/MUSK

MUSK Algorithm for Sampling Maximal Subgraphs

Primary LanguageC++Apache License 2.0Apache-2.0

MUSK Algorithm for Uniform Sampling of Frequent Graph Patterns

MUSK samples the frequent subgraph space and returns the maximal patterns which are guaranteed to be sampled uniformly.

Relevant Publications

[2009-musk] Mohammad Al Hasan and Mohammed J. Zaki. Musk: uniform sampling of k maximal patterns. In 9th SIAM International Conference on Data Mining. April 2009.

HOW TO

For input graph file format, see the file GRAPH_large.dat in the dataset directory.
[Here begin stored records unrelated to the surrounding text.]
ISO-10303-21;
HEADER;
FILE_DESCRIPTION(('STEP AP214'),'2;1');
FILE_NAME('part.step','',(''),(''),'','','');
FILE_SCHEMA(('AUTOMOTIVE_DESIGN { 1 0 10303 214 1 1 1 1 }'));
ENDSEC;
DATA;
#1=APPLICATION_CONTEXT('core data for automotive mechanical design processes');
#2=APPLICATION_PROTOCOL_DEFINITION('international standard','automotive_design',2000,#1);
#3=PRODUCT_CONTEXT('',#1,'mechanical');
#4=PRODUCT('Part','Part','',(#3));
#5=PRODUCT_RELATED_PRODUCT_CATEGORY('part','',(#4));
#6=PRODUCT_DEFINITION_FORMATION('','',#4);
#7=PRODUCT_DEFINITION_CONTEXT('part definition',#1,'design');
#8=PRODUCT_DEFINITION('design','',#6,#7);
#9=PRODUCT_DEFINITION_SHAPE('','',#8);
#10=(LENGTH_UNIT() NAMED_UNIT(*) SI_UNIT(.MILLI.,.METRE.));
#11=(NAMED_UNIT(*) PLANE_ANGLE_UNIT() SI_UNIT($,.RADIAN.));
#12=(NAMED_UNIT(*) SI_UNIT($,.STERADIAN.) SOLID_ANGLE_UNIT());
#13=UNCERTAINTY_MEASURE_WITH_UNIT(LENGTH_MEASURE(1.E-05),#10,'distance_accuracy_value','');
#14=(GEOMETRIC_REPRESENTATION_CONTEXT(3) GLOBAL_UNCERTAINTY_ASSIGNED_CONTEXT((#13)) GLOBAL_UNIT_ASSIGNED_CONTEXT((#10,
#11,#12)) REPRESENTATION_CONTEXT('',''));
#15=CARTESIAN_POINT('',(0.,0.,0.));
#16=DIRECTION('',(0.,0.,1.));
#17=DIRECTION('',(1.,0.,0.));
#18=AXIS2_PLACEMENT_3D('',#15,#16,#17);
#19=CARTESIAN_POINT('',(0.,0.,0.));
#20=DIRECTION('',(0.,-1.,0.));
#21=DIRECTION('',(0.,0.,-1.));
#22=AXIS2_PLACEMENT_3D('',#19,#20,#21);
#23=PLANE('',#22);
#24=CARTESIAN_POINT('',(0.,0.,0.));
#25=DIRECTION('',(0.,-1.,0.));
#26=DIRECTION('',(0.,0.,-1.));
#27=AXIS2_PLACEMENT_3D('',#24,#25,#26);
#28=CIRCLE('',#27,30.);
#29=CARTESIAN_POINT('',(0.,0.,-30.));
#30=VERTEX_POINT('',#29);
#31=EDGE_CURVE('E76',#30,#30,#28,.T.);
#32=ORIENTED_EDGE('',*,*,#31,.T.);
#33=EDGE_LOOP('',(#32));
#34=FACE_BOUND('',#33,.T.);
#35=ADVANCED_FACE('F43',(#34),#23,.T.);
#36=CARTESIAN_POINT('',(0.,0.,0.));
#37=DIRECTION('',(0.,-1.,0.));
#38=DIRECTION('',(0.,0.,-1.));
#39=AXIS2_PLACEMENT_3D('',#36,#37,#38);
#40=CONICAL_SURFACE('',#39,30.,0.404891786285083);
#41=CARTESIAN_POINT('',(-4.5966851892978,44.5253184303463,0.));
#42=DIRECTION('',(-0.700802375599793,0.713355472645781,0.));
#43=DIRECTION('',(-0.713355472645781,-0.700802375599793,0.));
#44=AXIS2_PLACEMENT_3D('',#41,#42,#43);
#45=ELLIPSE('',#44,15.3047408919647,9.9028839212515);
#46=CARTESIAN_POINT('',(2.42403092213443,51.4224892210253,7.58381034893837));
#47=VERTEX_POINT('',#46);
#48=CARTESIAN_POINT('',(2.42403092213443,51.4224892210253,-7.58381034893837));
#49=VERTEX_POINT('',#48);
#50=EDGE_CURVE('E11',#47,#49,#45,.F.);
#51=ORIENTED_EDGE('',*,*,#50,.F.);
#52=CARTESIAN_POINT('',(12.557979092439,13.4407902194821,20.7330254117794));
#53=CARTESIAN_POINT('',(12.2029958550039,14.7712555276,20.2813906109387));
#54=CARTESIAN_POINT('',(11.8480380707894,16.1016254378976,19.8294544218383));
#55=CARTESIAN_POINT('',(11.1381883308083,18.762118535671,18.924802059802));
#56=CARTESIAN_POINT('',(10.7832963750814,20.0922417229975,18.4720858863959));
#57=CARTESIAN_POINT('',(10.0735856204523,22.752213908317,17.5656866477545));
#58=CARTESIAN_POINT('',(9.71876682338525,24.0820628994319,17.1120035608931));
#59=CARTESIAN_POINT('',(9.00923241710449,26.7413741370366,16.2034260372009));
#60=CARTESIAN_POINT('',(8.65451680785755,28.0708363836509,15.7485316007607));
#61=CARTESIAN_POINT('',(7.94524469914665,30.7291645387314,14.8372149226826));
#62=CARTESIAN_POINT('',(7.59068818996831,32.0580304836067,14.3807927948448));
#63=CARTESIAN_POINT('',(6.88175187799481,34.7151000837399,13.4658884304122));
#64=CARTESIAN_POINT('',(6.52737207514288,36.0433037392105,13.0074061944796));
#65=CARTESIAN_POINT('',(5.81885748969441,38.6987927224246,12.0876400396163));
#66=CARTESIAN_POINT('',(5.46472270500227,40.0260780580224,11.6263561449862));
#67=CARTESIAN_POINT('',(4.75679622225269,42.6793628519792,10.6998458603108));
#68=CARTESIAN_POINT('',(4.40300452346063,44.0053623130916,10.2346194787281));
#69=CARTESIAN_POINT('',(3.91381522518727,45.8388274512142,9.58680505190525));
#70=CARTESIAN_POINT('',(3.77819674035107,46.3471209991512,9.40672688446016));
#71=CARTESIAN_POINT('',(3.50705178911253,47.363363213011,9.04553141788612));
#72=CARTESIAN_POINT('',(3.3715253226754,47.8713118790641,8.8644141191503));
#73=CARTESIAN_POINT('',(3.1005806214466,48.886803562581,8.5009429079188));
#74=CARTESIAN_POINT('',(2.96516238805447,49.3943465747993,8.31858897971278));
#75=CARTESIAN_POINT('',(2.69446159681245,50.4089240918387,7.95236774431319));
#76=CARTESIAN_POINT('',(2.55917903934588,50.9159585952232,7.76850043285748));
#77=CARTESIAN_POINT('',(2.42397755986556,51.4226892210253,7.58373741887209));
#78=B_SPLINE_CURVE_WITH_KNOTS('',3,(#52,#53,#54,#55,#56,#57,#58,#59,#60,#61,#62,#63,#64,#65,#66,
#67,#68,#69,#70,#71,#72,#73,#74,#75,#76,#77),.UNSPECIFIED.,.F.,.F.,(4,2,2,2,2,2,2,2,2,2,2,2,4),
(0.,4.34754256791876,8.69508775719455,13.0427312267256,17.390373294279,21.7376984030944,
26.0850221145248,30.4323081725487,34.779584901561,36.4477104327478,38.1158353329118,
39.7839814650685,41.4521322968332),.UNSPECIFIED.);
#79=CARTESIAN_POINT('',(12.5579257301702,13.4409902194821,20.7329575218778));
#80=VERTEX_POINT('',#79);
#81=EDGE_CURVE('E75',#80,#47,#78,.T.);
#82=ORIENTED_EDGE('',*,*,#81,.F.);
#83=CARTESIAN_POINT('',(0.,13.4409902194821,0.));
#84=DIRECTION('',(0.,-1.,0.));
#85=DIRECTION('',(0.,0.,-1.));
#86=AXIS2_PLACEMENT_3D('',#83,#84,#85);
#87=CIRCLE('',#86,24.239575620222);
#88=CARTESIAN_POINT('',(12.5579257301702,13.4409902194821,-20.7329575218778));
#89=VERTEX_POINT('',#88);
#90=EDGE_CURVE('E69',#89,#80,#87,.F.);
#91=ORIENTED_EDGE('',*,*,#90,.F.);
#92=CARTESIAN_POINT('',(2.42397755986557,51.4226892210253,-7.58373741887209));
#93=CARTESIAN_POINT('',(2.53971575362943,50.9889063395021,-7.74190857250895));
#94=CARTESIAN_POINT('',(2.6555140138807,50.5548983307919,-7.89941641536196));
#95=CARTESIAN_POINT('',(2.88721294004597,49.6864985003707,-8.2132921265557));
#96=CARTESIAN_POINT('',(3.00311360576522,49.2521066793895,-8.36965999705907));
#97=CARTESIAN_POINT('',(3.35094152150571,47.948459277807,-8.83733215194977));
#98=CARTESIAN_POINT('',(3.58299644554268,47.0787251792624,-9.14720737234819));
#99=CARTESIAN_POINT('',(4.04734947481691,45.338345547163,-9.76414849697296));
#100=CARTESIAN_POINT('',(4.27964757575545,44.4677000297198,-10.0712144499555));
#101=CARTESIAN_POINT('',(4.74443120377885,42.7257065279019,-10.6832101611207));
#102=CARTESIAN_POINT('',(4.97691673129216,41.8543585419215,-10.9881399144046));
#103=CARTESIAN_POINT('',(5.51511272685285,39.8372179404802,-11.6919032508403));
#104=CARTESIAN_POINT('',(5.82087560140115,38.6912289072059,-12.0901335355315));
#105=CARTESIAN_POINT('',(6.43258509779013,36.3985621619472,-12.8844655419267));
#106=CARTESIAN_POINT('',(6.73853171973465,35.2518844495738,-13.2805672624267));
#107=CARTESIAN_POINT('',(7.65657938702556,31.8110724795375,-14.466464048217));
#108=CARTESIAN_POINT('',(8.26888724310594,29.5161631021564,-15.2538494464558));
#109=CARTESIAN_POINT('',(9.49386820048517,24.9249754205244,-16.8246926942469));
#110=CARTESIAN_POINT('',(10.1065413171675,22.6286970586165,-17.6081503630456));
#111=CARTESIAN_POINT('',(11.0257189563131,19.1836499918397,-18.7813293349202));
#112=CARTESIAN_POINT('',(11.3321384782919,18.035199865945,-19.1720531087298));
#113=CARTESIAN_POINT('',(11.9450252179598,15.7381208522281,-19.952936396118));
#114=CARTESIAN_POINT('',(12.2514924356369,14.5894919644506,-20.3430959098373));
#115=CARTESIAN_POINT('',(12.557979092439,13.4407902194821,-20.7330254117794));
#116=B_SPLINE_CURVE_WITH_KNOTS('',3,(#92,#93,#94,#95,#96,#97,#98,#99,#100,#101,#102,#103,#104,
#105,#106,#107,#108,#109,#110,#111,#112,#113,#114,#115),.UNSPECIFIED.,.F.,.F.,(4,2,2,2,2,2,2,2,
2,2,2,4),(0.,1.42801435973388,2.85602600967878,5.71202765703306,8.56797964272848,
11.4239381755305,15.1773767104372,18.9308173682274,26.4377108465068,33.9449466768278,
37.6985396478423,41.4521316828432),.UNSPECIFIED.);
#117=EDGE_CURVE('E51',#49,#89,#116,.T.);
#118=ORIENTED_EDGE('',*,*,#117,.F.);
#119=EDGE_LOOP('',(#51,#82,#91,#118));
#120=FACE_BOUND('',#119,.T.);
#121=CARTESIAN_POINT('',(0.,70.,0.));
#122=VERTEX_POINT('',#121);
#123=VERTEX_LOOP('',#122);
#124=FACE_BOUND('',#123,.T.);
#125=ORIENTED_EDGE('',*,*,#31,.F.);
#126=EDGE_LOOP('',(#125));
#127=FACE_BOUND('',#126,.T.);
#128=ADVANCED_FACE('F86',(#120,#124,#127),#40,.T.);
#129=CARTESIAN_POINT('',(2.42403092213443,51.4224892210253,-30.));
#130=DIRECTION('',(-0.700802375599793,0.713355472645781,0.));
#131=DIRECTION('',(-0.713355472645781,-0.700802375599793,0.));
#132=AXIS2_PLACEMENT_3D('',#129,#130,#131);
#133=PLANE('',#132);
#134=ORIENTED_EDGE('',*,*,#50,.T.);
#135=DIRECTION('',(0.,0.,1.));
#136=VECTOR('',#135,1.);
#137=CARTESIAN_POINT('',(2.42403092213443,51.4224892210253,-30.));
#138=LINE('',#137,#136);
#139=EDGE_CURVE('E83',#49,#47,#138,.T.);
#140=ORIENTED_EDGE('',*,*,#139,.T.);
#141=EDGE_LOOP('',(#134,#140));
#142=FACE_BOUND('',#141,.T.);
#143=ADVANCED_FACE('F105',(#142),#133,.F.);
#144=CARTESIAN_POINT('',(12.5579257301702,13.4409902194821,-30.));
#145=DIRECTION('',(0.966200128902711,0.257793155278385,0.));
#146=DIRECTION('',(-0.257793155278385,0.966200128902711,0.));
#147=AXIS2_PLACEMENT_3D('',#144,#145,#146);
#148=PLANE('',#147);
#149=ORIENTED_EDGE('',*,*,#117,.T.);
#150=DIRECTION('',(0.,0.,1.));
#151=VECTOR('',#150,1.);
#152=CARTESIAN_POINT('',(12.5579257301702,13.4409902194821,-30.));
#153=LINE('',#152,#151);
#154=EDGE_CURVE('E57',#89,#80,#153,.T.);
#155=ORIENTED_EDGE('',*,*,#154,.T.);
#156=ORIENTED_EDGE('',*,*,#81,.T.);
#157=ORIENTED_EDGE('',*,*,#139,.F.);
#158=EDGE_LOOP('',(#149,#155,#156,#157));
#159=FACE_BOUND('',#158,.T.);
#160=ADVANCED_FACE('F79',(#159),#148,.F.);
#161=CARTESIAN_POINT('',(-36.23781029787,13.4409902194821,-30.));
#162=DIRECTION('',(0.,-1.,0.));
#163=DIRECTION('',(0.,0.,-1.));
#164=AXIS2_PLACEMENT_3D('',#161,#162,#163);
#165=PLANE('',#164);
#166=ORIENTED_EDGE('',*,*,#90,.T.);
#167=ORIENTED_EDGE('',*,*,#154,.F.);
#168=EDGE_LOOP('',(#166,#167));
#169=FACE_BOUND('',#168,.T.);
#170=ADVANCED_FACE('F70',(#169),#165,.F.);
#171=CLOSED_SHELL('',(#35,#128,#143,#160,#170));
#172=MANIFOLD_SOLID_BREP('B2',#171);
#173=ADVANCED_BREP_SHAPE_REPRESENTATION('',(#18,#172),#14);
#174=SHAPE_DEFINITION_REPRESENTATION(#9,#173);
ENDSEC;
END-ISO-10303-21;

To Compile (you mush have boost installed in your machine): make

To Run:

./main2 -d dataset/GRAPH_large.dat -s min-sup-value -c -how-many-maximal

Below is a run snapshot:

main2 -d dataset/GRAPH_large.dat -s 20 -c 20

    Minimum Support:20 
    total graph in database:1083
    Start Sampling.......
    Line starting with M are maximal, and starting with F are frequent
    Number in the parenthesis are count, for M the count is unique, for F, they are not necessarily unique

    F (1):
    M (1): 0 1 5 1 6:1 2 6 1 5:2 3 5 1 6:3 4 6 1 6:4 5 6 1 6:3 6 6 1 6:1 7 6 1 6:0 8 5 1 6
    F (2):
    F (3):
    F (4):
    F (5):
    F (6):
    M (2): 0 1 5 1 6:1 2 6 1 5:2 3 5 1 6:3 4 6 1 6:4 5 6 1 6:5 6 6 1 6:3 7 6 1 6
    F (7):
    F (8):
    F (9):
    M (3): 0 1 5 1 6:1 2 6 1 5:2 3 5 1 6:3 4 6 1 6:4 5 6 1 5:4 6 6 1 6:3 7 6 1 6:1 8 6 1 6
    F (10):
    F (11):
    F (12):
    F (13):
    F (14):
    F (15):
    F (16):
    F (17):
    F (18):
    F (19):
    F (20):
    F (21):
    F (22):
    F (23):
    F (24):
    F (25):
    F (26):

In the above, we have show part of the output of an example run. The run discovered 3 maximal patterns, which are shown in the line starting with M.

Note:

For each maximal patterns sampled, the program prints its canonical code, with a line that proceed with the letter "M". Number in parenthesis after "M" is the number of unique pattern found so far.

However, the program also visits a large number of frequent patterns in between the maximal patterns, and for those patterns, it only output "F (..)" in each line. The number if parenthesis is number of frequent pattern nodes that the program has visited. The uniqueness condition is not checked for frequent.

This solution guaranty uniform maximal pattern sampling, but it is generally inefficient as the walk samples over the entire frequent pattern space. So, sometimes it takes a long time until it finds the next maximal patterns. The problem is really severe for very low support, for which number of maximal patterns is much much smaller than the number of frequent patterns.

To sample maximal patterns more often, you can try to prioritize the sampling of maximal pattern by controlling the weight ratio between maximal and frequent pattern (Line 113 and Line 122 random_walk_manager2.h file).